**SUPPLIED DATA**
+--

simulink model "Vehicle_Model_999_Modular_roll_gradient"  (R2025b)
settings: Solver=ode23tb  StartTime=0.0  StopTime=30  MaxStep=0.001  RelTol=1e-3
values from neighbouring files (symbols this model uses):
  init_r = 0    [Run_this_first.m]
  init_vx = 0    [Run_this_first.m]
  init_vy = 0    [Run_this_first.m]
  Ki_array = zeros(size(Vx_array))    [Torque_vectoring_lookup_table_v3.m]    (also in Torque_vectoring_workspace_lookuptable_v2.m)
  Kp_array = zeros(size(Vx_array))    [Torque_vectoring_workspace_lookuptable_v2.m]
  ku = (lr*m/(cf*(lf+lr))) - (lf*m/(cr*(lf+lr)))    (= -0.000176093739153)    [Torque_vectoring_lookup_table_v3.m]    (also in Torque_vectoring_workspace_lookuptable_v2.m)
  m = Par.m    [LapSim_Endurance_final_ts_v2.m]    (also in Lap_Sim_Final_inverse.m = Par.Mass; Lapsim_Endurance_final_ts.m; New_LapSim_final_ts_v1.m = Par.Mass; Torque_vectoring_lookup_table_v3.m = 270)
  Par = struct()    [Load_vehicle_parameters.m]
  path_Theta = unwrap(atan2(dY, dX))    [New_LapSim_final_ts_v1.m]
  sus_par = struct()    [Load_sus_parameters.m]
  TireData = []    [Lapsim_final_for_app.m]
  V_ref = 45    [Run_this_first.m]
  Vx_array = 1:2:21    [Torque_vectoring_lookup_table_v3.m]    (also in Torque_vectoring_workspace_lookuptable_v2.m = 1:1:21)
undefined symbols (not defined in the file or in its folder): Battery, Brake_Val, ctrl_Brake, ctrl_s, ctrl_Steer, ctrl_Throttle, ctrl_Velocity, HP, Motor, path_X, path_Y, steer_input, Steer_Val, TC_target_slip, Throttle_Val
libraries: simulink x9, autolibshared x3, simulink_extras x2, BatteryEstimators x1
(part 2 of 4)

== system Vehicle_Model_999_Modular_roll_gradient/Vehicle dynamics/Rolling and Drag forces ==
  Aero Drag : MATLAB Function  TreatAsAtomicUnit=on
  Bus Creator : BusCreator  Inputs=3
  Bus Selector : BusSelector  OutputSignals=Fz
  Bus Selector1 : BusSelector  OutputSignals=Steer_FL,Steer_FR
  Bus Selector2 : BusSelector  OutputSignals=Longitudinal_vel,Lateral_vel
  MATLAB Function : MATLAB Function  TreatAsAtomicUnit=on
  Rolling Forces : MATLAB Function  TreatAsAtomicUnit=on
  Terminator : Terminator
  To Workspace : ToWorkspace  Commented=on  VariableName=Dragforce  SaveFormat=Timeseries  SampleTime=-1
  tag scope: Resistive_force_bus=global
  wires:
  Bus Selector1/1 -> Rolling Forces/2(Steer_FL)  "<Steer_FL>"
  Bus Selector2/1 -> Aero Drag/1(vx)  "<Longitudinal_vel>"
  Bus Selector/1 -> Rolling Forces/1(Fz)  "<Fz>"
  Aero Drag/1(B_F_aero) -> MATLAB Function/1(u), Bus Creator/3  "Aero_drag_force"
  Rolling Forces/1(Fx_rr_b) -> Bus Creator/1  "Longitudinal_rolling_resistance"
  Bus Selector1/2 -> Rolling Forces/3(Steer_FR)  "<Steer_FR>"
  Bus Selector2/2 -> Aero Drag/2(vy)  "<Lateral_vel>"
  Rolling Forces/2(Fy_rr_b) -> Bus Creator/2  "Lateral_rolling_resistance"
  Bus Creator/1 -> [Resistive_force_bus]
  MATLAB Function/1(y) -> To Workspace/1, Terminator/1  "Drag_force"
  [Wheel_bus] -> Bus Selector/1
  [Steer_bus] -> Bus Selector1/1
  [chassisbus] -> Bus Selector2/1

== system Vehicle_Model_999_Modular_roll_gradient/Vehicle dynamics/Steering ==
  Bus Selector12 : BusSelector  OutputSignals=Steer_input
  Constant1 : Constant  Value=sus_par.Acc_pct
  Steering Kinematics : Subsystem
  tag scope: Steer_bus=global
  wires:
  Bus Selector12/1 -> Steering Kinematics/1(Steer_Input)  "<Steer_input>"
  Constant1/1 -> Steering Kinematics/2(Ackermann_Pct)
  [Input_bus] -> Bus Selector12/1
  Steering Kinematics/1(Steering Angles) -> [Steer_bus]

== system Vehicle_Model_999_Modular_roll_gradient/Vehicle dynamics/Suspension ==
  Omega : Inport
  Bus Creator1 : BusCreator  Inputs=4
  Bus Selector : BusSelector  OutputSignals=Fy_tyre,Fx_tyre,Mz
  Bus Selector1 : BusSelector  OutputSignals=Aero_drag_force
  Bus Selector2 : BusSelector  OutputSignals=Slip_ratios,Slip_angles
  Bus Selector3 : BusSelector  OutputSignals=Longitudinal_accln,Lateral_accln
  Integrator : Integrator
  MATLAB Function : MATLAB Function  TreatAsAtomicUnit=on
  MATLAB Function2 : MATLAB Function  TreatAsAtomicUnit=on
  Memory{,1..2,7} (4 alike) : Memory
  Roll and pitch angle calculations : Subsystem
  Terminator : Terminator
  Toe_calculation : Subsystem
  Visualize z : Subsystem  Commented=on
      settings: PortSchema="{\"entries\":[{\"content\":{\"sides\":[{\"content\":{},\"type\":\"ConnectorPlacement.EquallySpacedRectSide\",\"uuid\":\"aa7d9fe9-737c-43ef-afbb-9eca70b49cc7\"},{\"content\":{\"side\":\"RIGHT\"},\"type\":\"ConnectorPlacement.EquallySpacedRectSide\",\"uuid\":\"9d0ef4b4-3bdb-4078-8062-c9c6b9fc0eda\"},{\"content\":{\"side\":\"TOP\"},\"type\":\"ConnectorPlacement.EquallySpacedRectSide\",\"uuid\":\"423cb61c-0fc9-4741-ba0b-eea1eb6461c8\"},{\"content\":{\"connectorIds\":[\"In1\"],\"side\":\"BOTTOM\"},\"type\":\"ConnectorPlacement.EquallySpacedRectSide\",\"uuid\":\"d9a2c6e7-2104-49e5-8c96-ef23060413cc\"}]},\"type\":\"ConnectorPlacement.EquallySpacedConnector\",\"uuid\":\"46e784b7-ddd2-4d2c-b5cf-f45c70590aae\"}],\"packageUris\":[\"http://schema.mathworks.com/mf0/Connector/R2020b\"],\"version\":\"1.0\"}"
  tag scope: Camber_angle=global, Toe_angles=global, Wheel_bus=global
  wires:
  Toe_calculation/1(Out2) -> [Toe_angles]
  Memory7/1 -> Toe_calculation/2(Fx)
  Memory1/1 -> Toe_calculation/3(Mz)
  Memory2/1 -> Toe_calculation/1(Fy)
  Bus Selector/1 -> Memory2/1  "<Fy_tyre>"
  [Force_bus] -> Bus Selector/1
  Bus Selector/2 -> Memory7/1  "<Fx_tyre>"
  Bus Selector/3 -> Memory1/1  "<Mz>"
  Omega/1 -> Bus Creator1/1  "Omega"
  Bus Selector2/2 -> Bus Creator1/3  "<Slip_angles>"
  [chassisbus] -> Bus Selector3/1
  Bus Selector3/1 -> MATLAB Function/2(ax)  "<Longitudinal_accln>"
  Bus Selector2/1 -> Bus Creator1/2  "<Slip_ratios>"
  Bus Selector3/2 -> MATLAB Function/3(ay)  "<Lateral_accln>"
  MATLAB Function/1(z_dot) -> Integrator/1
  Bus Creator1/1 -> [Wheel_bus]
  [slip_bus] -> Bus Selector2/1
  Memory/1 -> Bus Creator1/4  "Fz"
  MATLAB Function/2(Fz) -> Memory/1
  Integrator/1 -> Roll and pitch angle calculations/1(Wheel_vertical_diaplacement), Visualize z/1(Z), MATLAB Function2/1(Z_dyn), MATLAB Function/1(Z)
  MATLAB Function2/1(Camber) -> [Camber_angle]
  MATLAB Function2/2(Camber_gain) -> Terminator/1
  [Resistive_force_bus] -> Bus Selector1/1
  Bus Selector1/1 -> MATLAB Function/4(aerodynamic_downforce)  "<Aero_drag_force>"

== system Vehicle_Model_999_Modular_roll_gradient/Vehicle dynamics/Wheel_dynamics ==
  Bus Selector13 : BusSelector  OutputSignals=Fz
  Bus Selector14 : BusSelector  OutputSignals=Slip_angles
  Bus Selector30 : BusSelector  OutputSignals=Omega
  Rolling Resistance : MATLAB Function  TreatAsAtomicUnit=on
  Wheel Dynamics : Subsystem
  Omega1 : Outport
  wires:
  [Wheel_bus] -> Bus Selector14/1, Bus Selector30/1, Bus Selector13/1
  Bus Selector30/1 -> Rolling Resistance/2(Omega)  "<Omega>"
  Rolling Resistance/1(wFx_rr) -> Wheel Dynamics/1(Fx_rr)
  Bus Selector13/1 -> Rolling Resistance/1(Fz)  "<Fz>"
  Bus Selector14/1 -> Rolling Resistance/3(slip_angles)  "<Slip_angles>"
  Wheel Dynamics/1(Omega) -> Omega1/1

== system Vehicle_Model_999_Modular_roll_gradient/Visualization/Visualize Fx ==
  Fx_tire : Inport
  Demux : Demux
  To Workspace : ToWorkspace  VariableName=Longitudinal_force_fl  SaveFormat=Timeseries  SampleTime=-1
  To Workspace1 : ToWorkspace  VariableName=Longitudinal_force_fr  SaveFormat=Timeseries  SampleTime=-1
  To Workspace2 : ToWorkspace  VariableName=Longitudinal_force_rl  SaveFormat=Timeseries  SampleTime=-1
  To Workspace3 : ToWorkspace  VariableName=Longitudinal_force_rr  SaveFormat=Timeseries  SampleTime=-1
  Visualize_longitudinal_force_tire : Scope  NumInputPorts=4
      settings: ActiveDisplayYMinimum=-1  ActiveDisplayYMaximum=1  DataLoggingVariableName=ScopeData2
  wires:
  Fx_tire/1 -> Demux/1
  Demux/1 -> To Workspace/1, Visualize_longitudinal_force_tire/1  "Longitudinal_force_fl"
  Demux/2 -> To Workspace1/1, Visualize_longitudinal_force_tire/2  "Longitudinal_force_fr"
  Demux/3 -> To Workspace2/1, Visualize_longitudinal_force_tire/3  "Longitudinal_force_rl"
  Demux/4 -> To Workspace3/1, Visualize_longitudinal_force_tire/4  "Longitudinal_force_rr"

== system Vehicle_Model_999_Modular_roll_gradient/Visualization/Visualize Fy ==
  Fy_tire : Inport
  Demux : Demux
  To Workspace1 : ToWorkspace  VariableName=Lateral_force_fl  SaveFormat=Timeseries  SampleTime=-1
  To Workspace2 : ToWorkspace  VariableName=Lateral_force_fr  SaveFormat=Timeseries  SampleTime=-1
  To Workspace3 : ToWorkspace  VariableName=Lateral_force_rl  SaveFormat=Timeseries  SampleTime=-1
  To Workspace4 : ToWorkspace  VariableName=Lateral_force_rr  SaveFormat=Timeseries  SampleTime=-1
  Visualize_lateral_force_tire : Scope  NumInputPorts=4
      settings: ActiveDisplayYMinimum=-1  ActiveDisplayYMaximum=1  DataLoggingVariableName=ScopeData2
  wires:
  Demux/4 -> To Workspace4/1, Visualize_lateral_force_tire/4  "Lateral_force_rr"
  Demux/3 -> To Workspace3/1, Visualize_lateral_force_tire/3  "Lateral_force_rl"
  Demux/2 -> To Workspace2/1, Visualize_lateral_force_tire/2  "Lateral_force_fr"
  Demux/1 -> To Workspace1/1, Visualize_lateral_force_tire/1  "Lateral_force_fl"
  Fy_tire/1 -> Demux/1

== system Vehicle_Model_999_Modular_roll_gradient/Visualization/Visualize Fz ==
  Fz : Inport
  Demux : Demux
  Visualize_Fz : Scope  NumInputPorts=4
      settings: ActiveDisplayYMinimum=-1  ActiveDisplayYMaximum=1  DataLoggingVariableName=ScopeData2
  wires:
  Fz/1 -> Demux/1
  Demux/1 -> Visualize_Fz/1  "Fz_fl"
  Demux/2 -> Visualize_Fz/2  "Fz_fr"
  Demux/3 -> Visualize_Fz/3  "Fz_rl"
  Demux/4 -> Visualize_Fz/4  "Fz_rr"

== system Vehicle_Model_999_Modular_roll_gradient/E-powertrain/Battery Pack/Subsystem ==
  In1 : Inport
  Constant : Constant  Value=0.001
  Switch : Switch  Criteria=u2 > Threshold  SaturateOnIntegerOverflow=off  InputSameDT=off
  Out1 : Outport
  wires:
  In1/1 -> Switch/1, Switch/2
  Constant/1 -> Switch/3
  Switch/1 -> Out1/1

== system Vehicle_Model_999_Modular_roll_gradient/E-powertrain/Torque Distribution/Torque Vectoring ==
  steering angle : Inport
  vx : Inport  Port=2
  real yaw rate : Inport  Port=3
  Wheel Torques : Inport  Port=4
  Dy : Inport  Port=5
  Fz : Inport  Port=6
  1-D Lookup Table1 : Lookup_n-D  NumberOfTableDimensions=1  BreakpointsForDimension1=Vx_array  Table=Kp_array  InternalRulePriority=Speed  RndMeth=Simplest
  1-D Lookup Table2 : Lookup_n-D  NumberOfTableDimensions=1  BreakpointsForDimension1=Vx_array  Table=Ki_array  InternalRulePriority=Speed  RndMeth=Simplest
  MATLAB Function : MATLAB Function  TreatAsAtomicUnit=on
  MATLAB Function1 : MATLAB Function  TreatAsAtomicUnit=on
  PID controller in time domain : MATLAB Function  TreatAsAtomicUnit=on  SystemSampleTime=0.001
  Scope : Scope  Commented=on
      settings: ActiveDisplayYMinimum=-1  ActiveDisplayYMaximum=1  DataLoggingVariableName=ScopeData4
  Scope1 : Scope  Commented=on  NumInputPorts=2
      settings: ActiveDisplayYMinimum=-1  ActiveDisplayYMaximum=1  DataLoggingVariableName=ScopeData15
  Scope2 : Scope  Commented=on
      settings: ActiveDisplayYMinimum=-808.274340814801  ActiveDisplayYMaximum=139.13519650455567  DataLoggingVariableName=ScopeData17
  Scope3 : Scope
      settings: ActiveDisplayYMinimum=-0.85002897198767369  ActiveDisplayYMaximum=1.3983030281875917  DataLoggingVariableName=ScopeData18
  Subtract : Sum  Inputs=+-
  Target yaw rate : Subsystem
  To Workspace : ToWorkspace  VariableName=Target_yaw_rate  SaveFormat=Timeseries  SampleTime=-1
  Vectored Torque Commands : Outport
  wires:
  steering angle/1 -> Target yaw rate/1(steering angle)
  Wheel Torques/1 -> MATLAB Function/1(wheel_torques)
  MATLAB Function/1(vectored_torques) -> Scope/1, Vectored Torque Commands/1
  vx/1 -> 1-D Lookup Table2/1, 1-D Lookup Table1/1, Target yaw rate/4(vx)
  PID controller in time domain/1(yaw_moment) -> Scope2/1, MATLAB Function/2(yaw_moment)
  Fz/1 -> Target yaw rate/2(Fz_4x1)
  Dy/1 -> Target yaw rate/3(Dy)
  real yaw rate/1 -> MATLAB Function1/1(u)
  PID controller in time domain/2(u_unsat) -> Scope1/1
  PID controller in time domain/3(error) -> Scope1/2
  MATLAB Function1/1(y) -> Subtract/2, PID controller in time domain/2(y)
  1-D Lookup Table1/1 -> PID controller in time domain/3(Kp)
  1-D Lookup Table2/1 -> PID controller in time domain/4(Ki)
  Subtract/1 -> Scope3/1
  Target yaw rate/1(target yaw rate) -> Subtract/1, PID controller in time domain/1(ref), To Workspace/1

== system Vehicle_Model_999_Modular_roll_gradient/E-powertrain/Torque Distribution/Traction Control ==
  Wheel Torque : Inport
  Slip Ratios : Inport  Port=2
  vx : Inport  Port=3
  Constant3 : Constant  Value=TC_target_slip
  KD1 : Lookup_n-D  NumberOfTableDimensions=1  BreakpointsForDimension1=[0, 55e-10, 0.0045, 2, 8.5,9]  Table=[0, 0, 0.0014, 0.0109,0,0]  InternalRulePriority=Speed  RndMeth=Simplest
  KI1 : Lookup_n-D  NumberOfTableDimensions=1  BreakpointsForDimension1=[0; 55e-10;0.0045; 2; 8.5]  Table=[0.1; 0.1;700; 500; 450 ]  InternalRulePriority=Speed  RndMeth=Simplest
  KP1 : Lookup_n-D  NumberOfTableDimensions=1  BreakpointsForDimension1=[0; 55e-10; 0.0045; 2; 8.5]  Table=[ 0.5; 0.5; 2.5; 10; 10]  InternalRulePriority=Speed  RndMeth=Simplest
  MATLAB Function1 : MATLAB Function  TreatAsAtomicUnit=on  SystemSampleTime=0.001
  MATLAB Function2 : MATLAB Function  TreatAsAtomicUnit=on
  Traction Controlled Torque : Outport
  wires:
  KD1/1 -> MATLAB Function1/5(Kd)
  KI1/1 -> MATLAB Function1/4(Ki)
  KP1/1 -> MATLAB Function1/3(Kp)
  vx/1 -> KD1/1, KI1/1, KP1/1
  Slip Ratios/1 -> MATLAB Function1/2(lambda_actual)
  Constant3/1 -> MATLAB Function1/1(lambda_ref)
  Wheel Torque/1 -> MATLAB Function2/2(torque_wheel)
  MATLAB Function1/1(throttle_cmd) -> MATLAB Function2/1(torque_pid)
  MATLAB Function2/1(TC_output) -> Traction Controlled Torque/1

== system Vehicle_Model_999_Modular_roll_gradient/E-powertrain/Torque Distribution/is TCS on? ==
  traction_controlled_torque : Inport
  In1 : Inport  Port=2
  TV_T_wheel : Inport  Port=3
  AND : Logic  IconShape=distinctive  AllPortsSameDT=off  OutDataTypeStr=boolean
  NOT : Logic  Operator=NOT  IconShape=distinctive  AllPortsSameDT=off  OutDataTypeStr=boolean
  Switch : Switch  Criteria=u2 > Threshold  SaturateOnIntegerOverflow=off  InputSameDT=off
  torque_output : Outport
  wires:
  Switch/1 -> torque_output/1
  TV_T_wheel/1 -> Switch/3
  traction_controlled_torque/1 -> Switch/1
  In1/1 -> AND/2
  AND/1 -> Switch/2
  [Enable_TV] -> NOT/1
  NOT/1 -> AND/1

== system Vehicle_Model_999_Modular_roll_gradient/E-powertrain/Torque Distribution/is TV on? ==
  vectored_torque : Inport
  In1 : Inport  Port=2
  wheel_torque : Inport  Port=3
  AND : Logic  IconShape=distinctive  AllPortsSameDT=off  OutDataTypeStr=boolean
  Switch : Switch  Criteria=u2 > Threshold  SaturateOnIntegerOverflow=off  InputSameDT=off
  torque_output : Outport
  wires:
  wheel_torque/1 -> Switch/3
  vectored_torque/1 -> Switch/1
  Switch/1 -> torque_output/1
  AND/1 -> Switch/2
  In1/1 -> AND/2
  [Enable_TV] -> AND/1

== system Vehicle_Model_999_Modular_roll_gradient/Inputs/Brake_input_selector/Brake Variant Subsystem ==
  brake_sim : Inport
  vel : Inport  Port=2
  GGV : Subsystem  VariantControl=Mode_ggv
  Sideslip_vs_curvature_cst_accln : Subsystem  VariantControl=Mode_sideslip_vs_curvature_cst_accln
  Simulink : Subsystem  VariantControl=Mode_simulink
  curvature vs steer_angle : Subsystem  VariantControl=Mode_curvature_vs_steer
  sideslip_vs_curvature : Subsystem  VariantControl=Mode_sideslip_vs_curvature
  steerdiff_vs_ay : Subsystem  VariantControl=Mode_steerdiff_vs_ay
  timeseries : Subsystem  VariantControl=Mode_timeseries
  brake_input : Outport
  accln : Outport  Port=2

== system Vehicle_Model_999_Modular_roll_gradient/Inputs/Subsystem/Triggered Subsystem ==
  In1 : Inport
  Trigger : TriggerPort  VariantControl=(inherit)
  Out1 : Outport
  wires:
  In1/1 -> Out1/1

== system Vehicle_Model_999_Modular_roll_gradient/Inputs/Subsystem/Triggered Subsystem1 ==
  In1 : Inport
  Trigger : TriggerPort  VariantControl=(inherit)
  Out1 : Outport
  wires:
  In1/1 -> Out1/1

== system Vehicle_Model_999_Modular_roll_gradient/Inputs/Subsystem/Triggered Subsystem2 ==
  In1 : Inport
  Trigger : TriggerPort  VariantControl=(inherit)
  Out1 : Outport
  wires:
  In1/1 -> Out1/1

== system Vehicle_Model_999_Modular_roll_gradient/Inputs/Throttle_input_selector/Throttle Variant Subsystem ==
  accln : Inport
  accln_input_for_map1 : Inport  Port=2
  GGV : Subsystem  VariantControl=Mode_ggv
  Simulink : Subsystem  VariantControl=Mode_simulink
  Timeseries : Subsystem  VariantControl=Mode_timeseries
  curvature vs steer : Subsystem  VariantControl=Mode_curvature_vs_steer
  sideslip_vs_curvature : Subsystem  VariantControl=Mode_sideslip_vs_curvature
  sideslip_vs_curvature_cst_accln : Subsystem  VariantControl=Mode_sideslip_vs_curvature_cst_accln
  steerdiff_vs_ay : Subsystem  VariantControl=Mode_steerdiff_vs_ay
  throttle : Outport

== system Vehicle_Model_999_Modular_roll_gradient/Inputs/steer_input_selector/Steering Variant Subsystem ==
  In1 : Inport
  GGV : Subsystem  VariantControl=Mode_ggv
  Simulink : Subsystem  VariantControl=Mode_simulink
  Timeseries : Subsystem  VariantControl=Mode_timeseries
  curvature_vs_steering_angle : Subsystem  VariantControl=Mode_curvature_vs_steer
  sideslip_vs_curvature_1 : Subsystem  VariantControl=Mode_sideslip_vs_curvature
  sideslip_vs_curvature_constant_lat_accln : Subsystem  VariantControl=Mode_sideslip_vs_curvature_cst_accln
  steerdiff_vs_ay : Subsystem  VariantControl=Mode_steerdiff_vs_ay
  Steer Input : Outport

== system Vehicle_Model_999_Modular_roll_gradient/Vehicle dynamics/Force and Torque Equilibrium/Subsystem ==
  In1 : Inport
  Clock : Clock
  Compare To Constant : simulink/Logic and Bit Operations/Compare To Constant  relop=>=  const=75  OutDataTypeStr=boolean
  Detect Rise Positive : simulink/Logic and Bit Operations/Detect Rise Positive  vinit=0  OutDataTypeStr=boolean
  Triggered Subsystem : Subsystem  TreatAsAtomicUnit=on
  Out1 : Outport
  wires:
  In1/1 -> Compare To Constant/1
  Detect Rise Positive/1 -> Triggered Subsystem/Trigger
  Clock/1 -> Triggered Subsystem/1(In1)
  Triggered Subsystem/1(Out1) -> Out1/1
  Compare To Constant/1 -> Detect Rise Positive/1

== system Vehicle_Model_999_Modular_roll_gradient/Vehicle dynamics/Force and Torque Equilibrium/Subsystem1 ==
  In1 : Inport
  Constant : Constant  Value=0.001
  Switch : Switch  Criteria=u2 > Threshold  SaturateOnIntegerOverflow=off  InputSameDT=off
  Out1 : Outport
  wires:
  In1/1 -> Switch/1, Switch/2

+--

**EXERCISE BRIEF**
Among the lines above, find the one with "Bus Selector/3 ->" and the one with "Bus Selector3/1 ->". Quote both and everything between them, exactly.

**RESPONSE FOR THIS EXERCISE**
  Bus Selector/3 -> Memory1/1  "<Mz>"
  Omega/1 -> Bus Creator1/1  "Omega"
  Bus Selector2/2 -> Bus Creator1/3  "<Slip_angles>"
  [chassisbus] -> Bus Selector3/1
  Bus Selector3/1 -> MATLAB Function/2(ax)  "<Longitudinal_accln>"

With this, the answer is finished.